» Task to carry out: Look below for lines that hold the string "Frequency" and copy each one.

*** Listed records ***

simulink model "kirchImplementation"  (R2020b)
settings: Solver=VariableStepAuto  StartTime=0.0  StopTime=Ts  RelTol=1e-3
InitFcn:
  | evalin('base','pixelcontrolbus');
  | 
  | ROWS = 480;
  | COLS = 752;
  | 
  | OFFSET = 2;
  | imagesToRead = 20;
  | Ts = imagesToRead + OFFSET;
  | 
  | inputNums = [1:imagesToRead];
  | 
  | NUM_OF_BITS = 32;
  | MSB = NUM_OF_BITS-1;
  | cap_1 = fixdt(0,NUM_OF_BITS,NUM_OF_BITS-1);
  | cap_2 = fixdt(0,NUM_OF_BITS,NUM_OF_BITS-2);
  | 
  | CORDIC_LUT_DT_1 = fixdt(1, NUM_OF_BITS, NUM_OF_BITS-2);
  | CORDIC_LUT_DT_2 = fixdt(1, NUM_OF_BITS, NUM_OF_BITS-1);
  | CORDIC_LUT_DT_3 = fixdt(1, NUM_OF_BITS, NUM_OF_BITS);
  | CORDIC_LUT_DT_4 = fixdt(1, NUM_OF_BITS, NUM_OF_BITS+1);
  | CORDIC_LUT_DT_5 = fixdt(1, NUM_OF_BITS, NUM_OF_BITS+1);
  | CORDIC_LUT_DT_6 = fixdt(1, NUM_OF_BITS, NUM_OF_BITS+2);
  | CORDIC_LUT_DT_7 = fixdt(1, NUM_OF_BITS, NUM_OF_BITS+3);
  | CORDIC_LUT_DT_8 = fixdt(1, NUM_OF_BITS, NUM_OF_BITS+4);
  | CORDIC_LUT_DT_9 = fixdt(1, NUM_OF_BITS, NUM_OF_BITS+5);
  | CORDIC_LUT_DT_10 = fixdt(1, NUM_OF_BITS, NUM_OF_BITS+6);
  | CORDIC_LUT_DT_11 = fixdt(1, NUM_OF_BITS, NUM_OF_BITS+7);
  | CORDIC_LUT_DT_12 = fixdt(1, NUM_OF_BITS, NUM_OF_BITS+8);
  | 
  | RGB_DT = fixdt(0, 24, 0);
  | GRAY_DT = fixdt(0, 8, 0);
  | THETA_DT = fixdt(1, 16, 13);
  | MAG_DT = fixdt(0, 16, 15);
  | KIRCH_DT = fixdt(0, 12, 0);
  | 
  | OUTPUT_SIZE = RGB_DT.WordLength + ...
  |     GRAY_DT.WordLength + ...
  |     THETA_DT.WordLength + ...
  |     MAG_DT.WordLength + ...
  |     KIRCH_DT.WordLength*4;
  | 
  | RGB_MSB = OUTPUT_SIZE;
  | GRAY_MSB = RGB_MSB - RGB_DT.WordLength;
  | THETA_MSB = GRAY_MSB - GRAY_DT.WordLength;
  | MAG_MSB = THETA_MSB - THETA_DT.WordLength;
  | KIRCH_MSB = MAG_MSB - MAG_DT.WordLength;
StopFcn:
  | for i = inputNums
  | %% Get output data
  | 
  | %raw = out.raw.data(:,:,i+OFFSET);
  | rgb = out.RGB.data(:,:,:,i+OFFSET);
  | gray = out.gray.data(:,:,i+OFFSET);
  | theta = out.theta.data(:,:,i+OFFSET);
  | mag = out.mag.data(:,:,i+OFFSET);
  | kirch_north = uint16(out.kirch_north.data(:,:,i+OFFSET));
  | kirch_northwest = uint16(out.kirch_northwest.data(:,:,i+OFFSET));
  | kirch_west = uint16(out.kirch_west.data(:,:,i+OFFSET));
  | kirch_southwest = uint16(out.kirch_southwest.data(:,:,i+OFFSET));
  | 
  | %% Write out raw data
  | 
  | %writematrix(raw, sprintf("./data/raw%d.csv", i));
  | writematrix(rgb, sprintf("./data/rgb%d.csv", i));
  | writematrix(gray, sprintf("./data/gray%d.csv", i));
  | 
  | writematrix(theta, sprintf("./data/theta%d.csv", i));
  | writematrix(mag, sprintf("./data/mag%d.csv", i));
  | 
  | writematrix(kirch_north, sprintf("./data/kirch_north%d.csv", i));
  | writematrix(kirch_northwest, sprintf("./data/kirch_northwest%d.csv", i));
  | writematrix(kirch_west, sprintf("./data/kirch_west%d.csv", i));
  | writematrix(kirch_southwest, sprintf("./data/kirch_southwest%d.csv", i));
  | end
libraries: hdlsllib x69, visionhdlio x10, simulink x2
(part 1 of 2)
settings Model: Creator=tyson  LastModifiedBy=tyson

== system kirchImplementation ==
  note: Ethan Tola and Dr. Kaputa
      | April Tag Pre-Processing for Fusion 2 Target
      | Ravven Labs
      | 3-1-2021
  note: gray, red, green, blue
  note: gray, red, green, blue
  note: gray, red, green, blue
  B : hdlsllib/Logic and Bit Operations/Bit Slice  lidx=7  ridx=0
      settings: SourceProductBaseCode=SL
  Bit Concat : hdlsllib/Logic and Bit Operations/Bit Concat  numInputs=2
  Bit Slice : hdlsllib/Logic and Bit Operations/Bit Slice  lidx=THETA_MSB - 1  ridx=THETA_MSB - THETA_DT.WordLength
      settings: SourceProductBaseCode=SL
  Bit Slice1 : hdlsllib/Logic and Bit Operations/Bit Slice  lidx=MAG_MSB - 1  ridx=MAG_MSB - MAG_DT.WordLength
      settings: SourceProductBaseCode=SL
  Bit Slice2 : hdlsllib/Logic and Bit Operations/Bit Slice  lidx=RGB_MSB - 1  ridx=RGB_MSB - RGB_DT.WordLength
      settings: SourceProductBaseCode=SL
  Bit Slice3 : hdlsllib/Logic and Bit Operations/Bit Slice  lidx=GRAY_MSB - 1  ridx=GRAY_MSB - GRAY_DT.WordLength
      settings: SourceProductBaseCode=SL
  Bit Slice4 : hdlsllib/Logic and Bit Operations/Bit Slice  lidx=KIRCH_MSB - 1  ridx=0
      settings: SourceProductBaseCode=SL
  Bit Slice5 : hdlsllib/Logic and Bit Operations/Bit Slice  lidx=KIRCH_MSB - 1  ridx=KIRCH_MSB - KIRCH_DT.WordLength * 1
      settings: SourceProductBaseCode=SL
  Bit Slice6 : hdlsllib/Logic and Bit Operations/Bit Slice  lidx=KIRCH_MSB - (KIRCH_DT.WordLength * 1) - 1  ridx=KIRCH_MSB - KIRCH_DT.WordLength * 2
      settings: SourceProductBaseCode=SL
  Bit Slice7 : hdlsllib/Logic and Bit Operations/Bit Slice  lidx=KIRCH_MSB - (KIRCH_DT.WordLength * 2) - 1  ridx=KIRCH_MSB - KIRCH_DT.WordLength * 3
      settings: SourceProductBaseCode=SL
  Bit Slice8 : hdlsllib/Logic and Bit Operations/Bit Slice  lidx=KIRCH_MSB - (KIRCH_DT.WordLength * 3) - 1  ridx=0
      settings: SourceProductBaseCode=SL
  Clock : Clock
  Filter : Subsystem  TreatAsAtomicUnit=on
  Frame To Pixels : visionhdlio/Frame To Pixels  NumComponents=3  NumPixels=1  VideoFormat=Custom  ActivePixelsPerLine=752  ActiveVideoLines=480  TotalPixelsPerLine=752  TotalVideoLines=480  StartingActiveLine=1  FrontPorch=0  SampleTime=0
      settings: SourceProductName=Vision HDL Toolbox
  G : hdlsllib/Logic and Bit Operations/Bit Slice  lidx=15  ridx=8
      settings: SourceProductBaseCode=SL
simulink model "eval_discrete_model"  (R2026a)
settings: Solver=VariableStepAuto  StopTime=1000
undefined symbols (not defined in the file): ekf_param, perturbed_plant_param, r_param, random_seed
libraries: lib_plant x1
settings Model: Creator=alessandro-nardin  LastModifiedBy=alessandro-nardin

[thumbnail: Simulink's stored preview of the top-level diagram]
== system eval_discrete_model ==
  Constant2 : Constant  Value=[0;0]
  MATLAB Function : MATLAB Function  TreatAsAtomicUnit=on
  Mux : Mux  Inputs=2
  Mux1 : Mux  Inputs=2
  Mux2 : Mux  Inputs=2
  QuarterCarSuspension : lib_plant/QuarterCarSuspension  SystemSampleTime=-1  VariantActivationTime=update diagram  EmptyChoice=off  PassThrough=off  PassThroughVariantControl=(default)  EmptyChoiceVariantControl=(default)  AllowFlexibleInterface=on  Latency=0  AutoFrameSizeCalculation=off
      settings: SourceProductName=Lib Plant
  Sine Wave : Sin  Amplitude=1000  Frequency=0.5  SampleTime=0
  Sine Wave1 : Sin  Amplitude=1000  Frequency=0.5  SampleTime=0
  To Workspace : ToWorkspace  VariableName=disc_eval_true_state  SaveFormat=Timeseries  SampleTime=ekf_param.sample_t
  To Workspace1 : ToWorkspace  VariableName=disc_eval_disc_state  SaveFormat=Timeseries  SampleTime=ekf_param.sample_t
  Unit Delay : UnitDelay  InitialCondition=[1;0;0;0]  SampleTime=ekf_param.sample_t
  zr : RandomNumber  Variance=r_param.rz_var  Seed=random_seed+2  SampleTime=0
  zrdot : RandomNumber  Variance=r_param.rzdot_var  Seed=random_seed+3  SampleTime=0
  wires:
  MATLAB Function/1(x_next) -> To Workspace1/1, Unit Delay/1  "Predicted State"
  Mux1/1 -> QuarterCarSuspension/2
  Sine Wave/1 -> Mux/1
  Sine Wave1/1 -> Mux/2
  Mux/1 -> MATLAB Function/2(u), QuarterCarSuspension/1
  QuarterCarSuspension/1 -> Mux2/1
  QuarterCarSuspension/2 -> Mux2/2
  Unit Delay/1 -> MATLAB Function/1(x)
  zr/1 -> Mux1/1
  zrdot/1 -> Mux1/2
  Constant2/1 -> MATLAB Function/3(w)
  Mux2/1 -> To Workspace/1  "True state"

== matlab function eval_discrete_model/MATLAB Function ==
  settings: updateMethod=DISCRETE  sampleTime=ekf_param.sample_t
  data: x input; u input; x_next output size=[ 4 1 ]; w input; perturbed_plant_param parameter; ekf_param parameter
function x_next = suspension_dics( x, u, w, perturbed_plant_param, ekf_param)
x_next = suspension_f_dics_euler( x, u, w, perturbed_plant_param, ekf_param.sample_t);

*** End of Listed records ***

» Reply to the exercise:
  Sine Wave : Sin  Amplitude=1000  Frequency=0.5  SampleTime=0
  Sine Wave1 : Sin  Amplitude=1000  Frequency=0.5  SampleTime=0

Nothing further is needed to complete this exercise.